Records from a data collection:
◇ ◇ ◇ ◇ ◇ ◇ ◇

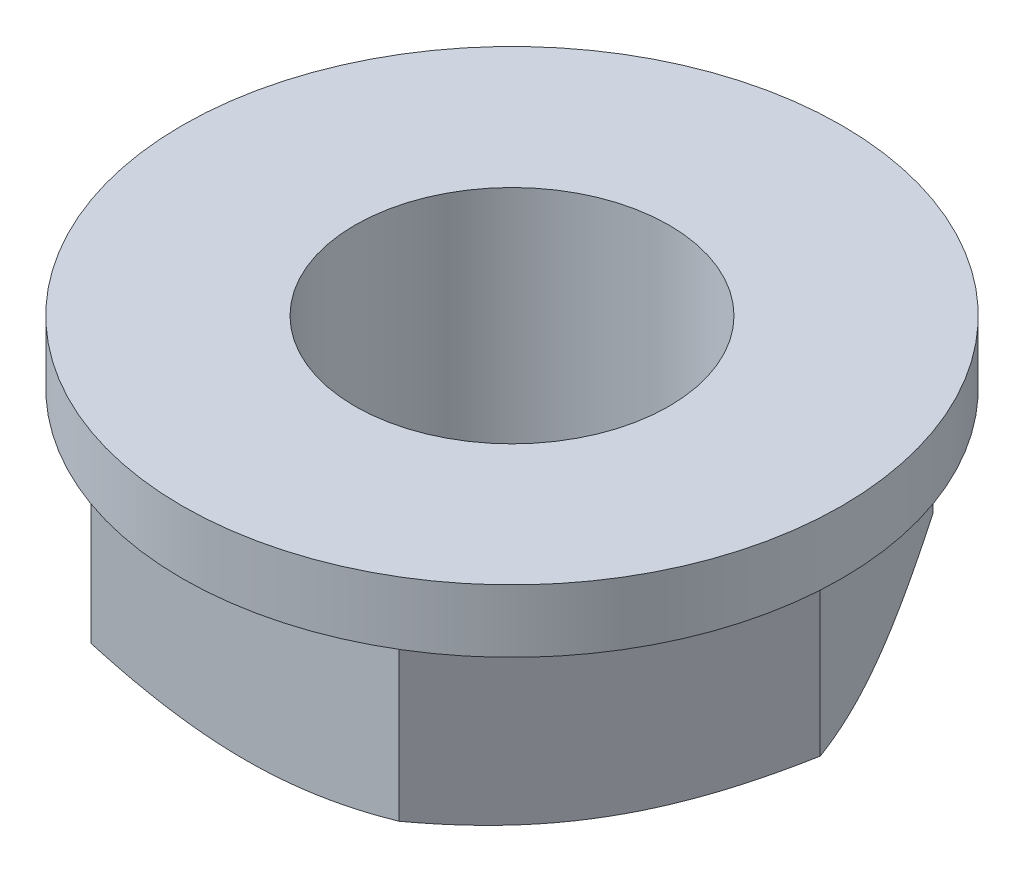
ISO-10303-21;
HEADER;
FILE_DESCRIPTION(('STEP AP214'),'2;1');
FILE_NAME('part.step','',(''),(''),'','','');
FILE_SCHEMA(('AUTOMOTIVE_DESIGN { 1 0 10303 214 1 1 1 1 }'));
ENDSEC;
DATA;
#1=APPLICATION_CONTEXT('core data for automotive mechanical design processes');
#2=APPLICATION_PROTOCOL_DEFINITION('international standard','automotive_design',2000,#1);
#3=PRODUCT_CONTEXT('',#1,'mechanical');
#4=PRODUCT('Part','Part','',(#3));
#5=PRODUCT_RELATED_PRODUCT_CATEGORY('part','',(#4));
#6=PRODUCT_DEFINITION_FORMATION('','',#4);
#7=PRODUCT_DEFINITION_CONTEXT('part definition',#1,'design');
#8=PRODUCT_DEFINITION('design','',#6,#7);
#9=PRODUCT_DEFINITION_SHAPE('','',#8);
#10=(LENGTH_UNIT() NAMED_UNIT(*) SI_UNIT(.MILLI.,.METRE.));
#11=(NAMED_UNIT(*) PLANE_ANGLE_UNIT() SI_UNIT($,.RADIAN.));
#12=(NAMED_UNIT(*) SI_UNIT($,.STERADIAN.) SOLID_ANGLE_UNIT());
#13=UNCERTAINTY_MEASURE_WITH_UNIT(LENGTH_MEASURE(1.E-05),#10,'distance_accuracy_value','');
#14=(GEOMETRIC_REPRESENTATION_CONTEXT(3) GLOBAL_UNCERTAINTY_ASSIGNED_CONTEXT((#13)) GLOBAL_UNIT_ASSIGNED_CONTEXT((#10,
#11,#12)) REPRESENTATION_CONTEXT('',''));
#15=CARTESIAN_POINT('',(0.,0.,0.));
#16=DIRECTION('',(0.,0.,1.));
#17=DIRECTION('',(1.,0.,0.));
#18=AXIS2_PLACEMENT_3D('',#15,#16,#17);
#19=CARTESIAN_POINT('',(0.,-7.6196705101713,0.));
#20=DIRECTION('',(0.,1.,0.));
#21=DIRECTION('',(-1.,0.,0.));
#22=AXIS2_PLACEMENT_3D('',#19,#20,#21);
#23=CONICAL_SURFACE('',#22,9.15875,1.0471975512);
#24=CARTESIAN_POINT('',(7.36121593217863,-8.00000000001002,-4.25000000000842));
#25=CARTESIAN_POINT('',(8.50000000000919,-8.00000000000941,-2.27756813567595));
#26=CARTESIAN_POINT('',(9.81495457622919,-7.24081062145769,2.25340941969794E-12));
#27=(BOUNDED_CURVE() B_SPLINE_CURVE(2,(#24,#25,#26),.UNSPECIFIED.,.F.,
.F.) B_SPLINE_CURVE_WITH_KNOTS((3,3),(4.98381893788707,9.96299728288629),
.UNSPECIFIED.) CURVE() GEOMETRIC_REPRESENTATION_ITEM() RATIONAL_B_SPLINE_CURVE((1.00000000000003,
1.03799156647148,1.00007075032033)) REPRESENTATION_ITEM(''));
#28=CARTESIAN_POINT('',(7.36121593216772,-8.,-4.25));
#29=VERTEX_POINT('',#28);
#30=CARTESIAN_POINT('',(9.81495457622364,-7.2408106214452,0.));
#31=VERTEX_POINT('',#30);
#32=EDGE_CURVE('E30',#29,#31,#27,.T.);
#33=ORIENTED_EDGE('',*,*,#32,.T.);
#34=CARTESIAN_POINT('',(9.81495457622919,-7.24081062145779,-2.25483529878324E-12));
#35=CARTESIAN_POINT('',(8.50000000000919,-8.0000000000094,2.27756813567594));
#36=CARTESIAN_POINT('',(7.36121593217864,-8.00000000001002,4.25000000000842));
#37=(BOUNDED_CURVE() B_SPLINE_CURVE(2,(#34,#35,#36),.UNSPECIFIED.,.F.,
.F.) B_SPLINE_CURVE_WITH_KNOTS((3,3),(0.00464059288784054,4.98381893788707),
.UNSPECIFIED.) CURVE() GEOMETRIC_REPRESENTATION_ITEM() RATIONAL_B_SPLINE_CURVE((1.00007075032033,
1.03799156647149,1.00000000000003)) REPRESENTATION_ITEM(''));
#38=CARTESIAN_POINT('',(7.36121593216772,-8.,4.25));
#39=VERTEX_POINT('',#38);
#40=EDGE_CURVE('E146',#31,#39,#37,.T.);
#41=ORIENTED_EDGE('',*,*,#40,.T.);
#42=CARTESIAN_POINT('',(0.,-8.00000000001,0.));
#43=DIRECTION('',(0.,-1.,0.));
#44=DIRECTION('',(-1.,0.,0.));
#45=AXIS2_PLACEMENT_3D('',#42,#43,#44);
#46=CIRCLE('',#45,8.5);
#47=EDGE_CURVE('E22',#29,#39,#46,.T.);
#48=ORIENTED_EDGE('',*,*,#47,.F.);
#49=EDGE_LOOP('',(#33,#41,#48));
#50=FACE_BOUND('',#49,.T.);
#51=ADVANCED_FACE('F18',(#50),#23,.T.);
#52=CARTESIAN_POINT('',(-7.36121593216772,-8.,4.25));
#53=VERTEX_POINT('',#52);
#54=CARTESIAN_POINT('',(-7.36121593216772,-8.,-4.25));
#55=VERTEX_POINT('',#54);
#56=EDGE_CURVE('E145',#53,#55,#46,.T.);
#57=ORIENTED_EDGE('',*,*,#56,.F.);
#58=CARTESIAN_POINT('',(-7.36121593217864,-8.00000000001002,4.25000000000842));
#59=CARTESIAN_POINT('',(-8.50000000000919,-8.00000000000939,2.27756813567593));
#60=CARTESIAN_POINT('',(-9.81495457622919,-7.24081062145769,-2.25649494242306E-12));
#61=(BOUNDED_CURVE() B_SPLINE_CURVE(2,(#58,#59,#60),.UNSPECIFIED.,.F.,
.F.) B_SPLINE_CURVE_WITH_KNOTS((3,3),(4.98381893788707,9.9629972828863),
.UNSPECIFIED.) CURVE() GEOMETRIC_REPRESENTATION_ITEM() RATIONAL_B_SPLINE_CURVE((1.00000000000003,
1.0379915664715,1.00007075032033)) REPRESENTATION_ITEM(''));
#62=CARTESIAN_POINT('',(-9.81495457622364,-7.2408106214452,0.));
#63=VERTEX_POINT('',#62);
#64=EDGE_CURVE('E131',#53,#63,#61,.T.);
#65=ORIENTED_EDGE('',*,*,#64,.T.);
#66=CARTESIAN_POINT('',(-9.81495457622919,-7.24081062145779,2.25307782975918E-12));
#67=CARTESIAN_POINT('',(-8.50000000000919,-8.0000000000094,-2.27756813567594));
#68=CARTESIAN_POINT('',(-7.36121593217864,-8.00000000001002,-4.25000000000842));
#69=(BOUNDED_CURVE() B_SPLINE_CURVE(2,(#66,#67,#68),.UNSPECIFIED.,.F.,
.F.) B_SPLINE_CURVE_WITH_KNOTS((3,3),(0.00464059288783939,4.98381893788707),
.UNSPECIFIED.) CURVE() GEOMETRIC_REPRESENTATION_ITEM() RATIONAL_B_SPLINE_CURVE((1.00007075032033,
1.03799156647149,1.00000000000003)) REPRESENTATION_ITEM(''));
#70=EDGE_CURVE('E39',#63,#55,#69,.T.);
#71=ORIENTED_EDGE('',*,*,#70,.T.);
#72=EDGE_LOOP('',(#57,#65,#71));
#73=FACE_BOUND('',#72,.T.);
#74=ADVANCED_FACE('F20',(#73),#23,.T.);
#75=CARTESIAN_POINT('',(0.,-1.,0.));
#76=DIRECTION('',(0.,-1.,0.));
#77=DIRECTION('',(1.,0.,0.));
#78=AXIS2_PLACEMENT_3D('',#75,#76,#77);
#79=CYLINDRICAL_SURFACE('',#78,10.5);
#80=CARTESIAN_POINT('',(0.,-1.00006808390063E-11,0.));
#81=DIRECTION('',(0.,1.,0.));
#82=DIRECTION('',(1.,0.,0.));
#83=AXIS2_PLACEMENT_3D('',#80,#81,#82);
#84=CIRCLE('',#83,10.5);
#85=CARTESIAN_POINT('',(10.5,-1.00006808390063E-11,0.));
#86=VERTEX_POINT('',#85);
#87=EDGE_CURVE('E253',#86,#86,#84,.T.);
#88=ORIENTED_EDGE('',*,*,#87,.F.);
#89=EDGE_LOOP('',(#88));
#90=FACE_BOUND('',#89,.T.);
#91=CARTESIAN_POINT('',(0.,-2.00000000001,0.));
#92=DIRECTION('',(0.,1.,0.));
#93=DIRECTION('',(1.,0.,0.));
#94=AXIS2_PLACEMENT_3D('',#91,#92,#93);
#95=CIRCLE('',#94,10.5);
#96=CARTESIAN_POINT('',(10.5,-2.00000000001,0.));
#97=VERTEX_POINT('',#96);
#98=EDGE_CURVE('E236',#97,#97,#95,.T.);
#99=ORIENTED_EDGE('',*,*,#98,.T.);
#100=EDGE_LOOP('',(#99));
#101=FACE_BOUND('',#100,.T.);
#102=ADVANCED_FACE('F363',(#90,#101),#79,.T.);
#103=CARTESIAN_POINT('',(4.90747728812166,-7.24081062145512,-8.50000000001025));
#104=CARTESIAN_POINT('',(6.22243186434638,-8.00000000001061,-6.22243186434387));
#105=CARTESIAN_POINT('',(7.36121593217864,-8.00000000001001,-4.25000000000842));
#106=(BOUNDED_CURVE() B_SPLINE_CURVE(2,(#103,#104,#105),.UNSPECIFIED.,.F.,
.F.) B_SPLINE_CURVE_WITH_KNOTS((3,3),(0.00464059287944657,4.98381893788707),
.UNSPECIFIED.) CURVE() GEOMETRIC_REPRESENTATION_ITEM() RATIONAL_B_SPLINE_CURVE((1.0000707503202,
1.03799156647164,0.999999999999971)) REPRESENTATION_ITEM(''));
#107=CARTESIAN_POINT('',(4.90747728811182,-7.2408106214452,-8.5));
#108=VERTEX_POINT('',#107);
#109=EDGE_CURVE('E11',#108,#29,#106,.T.);
#110=ORIENTED_EDGE('',*,*,#109,.T.);
#111=CARTESIAN_POINT('',(0.,-8.,-8.5));
#112=VERTEX_POINT('',#111);
#113=EDGE_CURVE('E158',#112,#29,#46,.T.);
#114=ORIENTED_EDGE('',*,*,#113,.F.);
#115=CARTESIAN_POINT('',(0.,-8.00000000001,-8.50000000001));
#116=CARTESIAN_POINT('',(2.2775681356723,-8.00000000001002,-8.50000000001));
#117=CARTESIAN_POINT('',(4.90747728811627,-7.2408106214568,-8.50000000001));
#118=(BOUNDED_CURVE() B_SPLINE_CURVE(2,(#115,#116,#117),.UNSPECIFIED.,.F.,
.F.) B_SPLINE_CURVE_WITH_KNOTS((3,3),(4.98381893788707,9.96299728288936),
.UNSPECIFIED.) CURVE() GEOMETRIC_REPRESENTATION_ITEM() RATIONAL_B_SPLINE_CURVE((1.,
1.03799156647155,1.00007075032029)) REPRESENTATION_ITEM(''));
#119=EDGE_CURVE('E93',#112,#108,#118,.T.);
#120=ORIENTED_EDGE('',*,*,#119,.T.);
#121=EDGE_LOOP('',(#110,#114,#120));
#122=FACE_BOUND('',#121,.T.);
#123=ADVANCED_FACE('F419',(#122),#23,.T.);
#124=CARTESIAN_POINT('',(7.36121593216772,1.,-4.25));
#125=DIRECTION('',(0.866025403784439,0.,-0.5));
#126=DIRECTION('',(0.,-1.,0.));
#127=AXIS2_PLACEMENT_3D('',#124,#125,#126);
#128=PLANE('',#127);
#129=DIRECTION('',(0.50000000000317,0.,0.866025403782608));
#130=VECTOR('',#129,1.);
#131=CARTESIAN_POINT('',(8.34559093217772,-2.00000000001,-2.54501248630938));
#132=LINE('',#131,#130);
#133=CARTESIAN_POINT('',(4.90747728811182,-2.,-8.5));
#134=VERTEX_POINT('',#133);
#135=CARTESIAN_POINT('',(9.81495457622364,-2.,0.));
#136=VERTEX_POINT('',#135);
#137=EDGE_CURVE('E134',#134,#136,#132,.T.);
#138=ORIENTED_EDGE('',*,*,#137,.T.);
#139=DIRECTION('',(0.,-1.,0.));
#140=VECTOR('',#139,1.);
#141=CARTESIAN_POINT('',(9.81495457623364,0.99999999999,-1.00018029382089E-11));
#142=LINE('',#141,#140);
#143=EDGE_CURVE('E142',#136,#31,#142,.T.);
#144=ORIENTED_EDGE('',*,*,#143,.T.);
#145=ORIENTED_EDGE('',*,*,#32,.F.);
#146=ORIENTED_EDGE('',*,*,#109,.F.);
#147=DIRECTION('',(0.,-1.,0.));
#148=VECTOR('',#147,1.);
#149=CARTESIAN_POINT('',(4.90747728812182,0.99999999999,-8.50000000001));
#150=LINE('',#149,#148);
#151=EDGE_CURVE('E149',#134,#108,#150,.T.);
#152=ORIENTED_EDGE('',*,*,#151,.F.);
#153=EDGE_LOOP('',(#138,#144,#145,#146,#152));
#154=FACE_BOUND('',#153,.T.);
#155=ADVANCED_FACE('F325',(#154),#128,.T.);
#156=CARTESIAN_POINT('',(-7.36121593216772,1.,-4.25));
#157=DIRECTION('',(-0.866025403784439,0.,-0.5));
#158=DIRECTION('',(-0.5,0.,0.866025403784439));
#159=AXIS2_PLACEMENT_3D('',#156,#157,#158);
#160=PLANE('',#159);
#161=DIRECTION('',(0.50000000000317,0.,-0.866025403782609));
#162=VECTOR('',#161,1.);
#163=CARTESIAN_POINT('',(-6.37684093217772,-2.00000000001,-5.95498751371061));
#164=LINE('',#163,#162);
#165=CARTESIAN_POINT('',(-9.81495457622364,-2.,0.));
#166=VERTEX_POINT('',#165);
#167=CARTESIAN_POINT('',(-4.90747728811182,-2.,-8.5));
#168=VERTEX_POINT('',#167);
#169=EDGE_CURVE('E87',#166,#168,#164,.T.);
#170=ORIENTED_EDGE('',*,*,#169,.T.);
#171=DIRECTION('',(0.,-1.,0.));
#172=VECTOR('',#171,1.);
#173=CARTESIAN_POINT('',(-4.90747728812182,0.99999999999,-8.50000000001));
#174=LINE('',#173,#172);
#175=CARTESIAN_POINT('',(-4.90747728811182,-7.2408106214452,-8.5));
#176=VERTEX_POINT('',#175);
#177=EDGE_CURVE('E81',#168,#176,#174,.T.);
#178=ORIENTED_EDGE('',*,*,#177,.T.);
#179=CARTESIAN_POINT('',(-7.36121593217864,-8.00000000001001,-4.25000000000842));
#180=CARTESIAN_POINT('',(-6.22243186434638,-8.00000000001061,-6.22243186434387));
#181=CARTESIAN_POINT('',(-4.90747728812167,-7.24081062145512,-8.50000000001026));
#182=(BOUNDED_CURVE() B_SPLINE_CURVE(2,(#179,#180,#181),.UNSPECIFIED.,.F.,
.F.) B_SPLINE_CURVE_WITH_KNOTS((3,3),(4.98381893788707,9.96299728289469),
.UNSPECIFIED.) CURVE() GEOMETRIC_REPRESENTATION_ITEM() RATIONAL_B_SPLINE_CURVE((0.999999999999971,
1.03799156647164,1.0000707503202)) REPRESENTATION_ITEM(''));
#183=EDGE_CURVE('E85',#55,#176,#182,.T.);
#184=ORIENTED_EDGE('',*,*,#183,.F.);
#185=ORIENTED_EDGE('',*,*,#70,.F.);
#186=DIRECTION('',(0.,-1.,0.));
#187=VECTOR('',#186,1.);
#188=CARTESIAN_POINT('',(-9.81495457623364,0.99999999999,1.00006009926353E-11));
#189=LINE('',#188,#187);
#190=EDGE_CURVE('E92',#166,#63,#189,.T.);
#191=ORIENTED_EDGE('',*,*,#190,.F.);
#192=EDGE_LOOP('',(#170,#178,#184,#185,#191));
#193=FACE_BOUND('',#192,.T.);
#194=ADVANCED_FACE('F83',(#193),#160,.T.);
#195=CARTESIAN_POINT('',(-7.36121593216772,1.,4.25));
#196=DIRECTION('',(-0.866025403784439,0.,0.5));
#197=DIRECTION('',(0.,1.,0.));
#198=AXIS2_PLACEMENT_3D('',#195,#196,#197);
#199=PLANE('',#198);
#200=DIRECTION('',(-0.50000000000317,0.,-0.866025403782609));
#201=VECTOR('',#200,1.);
#202=CARTESIAN_POINT('',(-6.37684093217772,-2.00000000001,5.95498751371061));
#203=LINE('',#202,#201);
#204=CARTESIAN_POINT('',(-4.90747728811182,-2.,8.5));
#205=VERTEX_POINT('',#204);
#206=EDGE_CURVE('E231',#205,#166,#203,.T.);
#207=ORIENTED_EDGE('',*,*,#206,.T.);
#208=ORIENTED_EDGE('',*,*,#190,.T.);
#209=ORIENTED_EDGE('',*,*,#64,.F.);
#210=CARTESIAN_POINT('',(-4.90747728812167,-7.24081062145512,8.50000000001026));
#211=CARTESIAN_POINT('',(-6.22243186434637,-8.00000000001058,6.22243186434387));
#212=CARTESIAN_POINT('',(-7.36121593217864,-8.00000000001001,4.25000000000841));
#213=(BOUNDED_CURVE() B_SPLINE_CURVE(2,(#210,#211,#212),.UNSPECIFIED.,.F.,
.F.) B_SPLINE_CURVE_WITH_KNOTS((3,3),(0.00464059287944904,4.98381893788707),
.UNSPECIFIED.) CURVE() GEOMETRIC_REPRESENTATION_ITEM() RATIONAL_B_SPLINE_CURVE((1.0000707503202,
1.03799156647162,0.999999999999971)) REPRESENTATION_ITEM(''));
#214=CARTESIAN_POINT('',(-4.90747728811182,-7.2408106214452,8.5));
#215=VERTEX_POINT('',#214);
#216=EDGE_CURVE('E117',#215,#53,#213,.T.);
#217=ORIENTED_EDGE('',*,*,#216,.F.);
#218=DIRECTION('',(0.,-1.,0.));
#219=VECTOR('',#218,1.);
#220=CARTESIAN_POINT('',(-4.90747728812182,0.99999999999,8.50000000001));
#221=LINE('',#220,#219);
#222=EDGE_CURVE('E225',#205,#215,#221,.T.);
#223=ORIENTED_EDGE('',*,*,#222,.F.);
#224=EDGE_LOOP('',(#207,#208,#209,#217,#223));
#225=FACE_BOUND('',#224,.T.);
#226=ADVANCED_FACE('F444',(#225),#199,.T.);
#227=CARTESIAN_POINT('',(0.,1.,-8.5));
#228=DIRECTION('',(0.,0.,-1.));
#229=DIRECTION('',(0.,-1.,0.));
#230=AXIS2_PLACEMENT_3D('',#227,#228,#229);
#231=PLANE('',#230);
#232=DIRECTION('',(1.,0.,0.));
#233=VECTOR('',#232,1.);
#234=CARTESIAN_POINT('',(3.93750000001,-2.00000000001,-8.50000000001));
#235=LINE('',#234,#233);
#236=EDGE_CURVE('E138',#168,#134,#235,.T.);
#237=ORIENTED_EDGE('',*,*,#236,.T.);
#238=ORIENTED_EDGE('',*,*,#151,.T.);
#239=ORIENTED_EDGE('',*,*,#119,.F.);
#240=CARTESIAN_POINT('',(-4.90747728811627,-7.2408106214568,-8.50000000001));
#241=CARTESIAN_POINT('',(-2.2775681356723,-8.00000000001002,-8.50000000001));
#242=CARTESIAN_POINT('',(0.,-8.00000000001,-8.50000000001));
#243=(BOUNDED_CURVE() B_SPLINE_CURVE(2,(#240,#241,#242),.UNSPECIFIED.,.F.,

◇ ◇ ◇ ◇ ◇ ◇ ◇

What you need to do →
Whenever a line above includes "mechanical", copy it in full.

Answer to this task →
#1=APPLICATION_CONTEXT('core data for automotive mechanical design processes');
#3=PRODUCT_CONTEXT('',#1,'mechanical');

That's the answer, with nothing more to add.